ZINC22:Directory structure
Jump to navigation
Jump to search
ZINC is organized by heavy atom count (HAC), lipophilicity (calculated LogP), charge (from -4 to +4), and format (Mol2, SDF, PDBQT, and DB2).
Files contain up to 5000 molecules in a compressed tarballs (.tgz).
The data is organized into sub-directories to make the files more managable, as follows.
The files are organized as follows /zinc-22<layer>/H??/H??[PM]???/[a-z]/H??[PM]???-<charge>.*.<format>.tgzwhere:
- layer is a single letter, a-z, used only to create the database in parallel.
- H?? is the heavy atom count, and currently ranges from H04 to H29
- H??[PM]??? is the HAC/LogP bin.

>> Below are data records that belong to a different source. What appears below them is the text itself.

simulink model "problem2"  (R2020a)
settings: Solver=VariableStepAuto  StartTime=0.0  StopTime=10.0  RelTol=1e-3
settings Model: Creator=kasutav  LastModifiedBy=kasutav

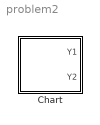
== system problem2 ==
  Chart : Stateflow chart  TreatAsAtomicUnit=on

== stateflow chart problem2/Chart ==
  state StopGo
    Y1=RED;
    Y2=GREEN;
  state StopReady
    Y1=RED;
    Y2=YELLOW;
  state ReadyStop
    Y1=YELLOW;
    Y2=RED;
  state GoStop
    Y1=GREEN;
    Y2=RED;
  (default) -> StopGo
  StopGo -> StopReady : after(20,tick)
  ReadyStop -> StopGo : after(10,tick)
  StopReady -> GoStop : after(10,tick)
  GoStop -> ReadyStop : after(20,tick)
  data: GREEN constant double =3; YELLOW constant double =2; RED constant double =1; Y1 output; Y2 output

For instance, H23P130 contains molecules with 23 heavy atoms and RDKit calculated logP between 1.300 and 1.399.
- And H25M000 is molecules with 25 heavy atoms and logP between 0.00 and -0.999. P =plus and M=minus logP
- Within the tranche, a-z is a hash to limit the number of files per directory
- charge is the net molecular charge following the InChiKey convention, thus N=0, M=-1, O=+2 and so on beween -4 and +4.
- format is one of mol2, sdf, pdbqt, db2.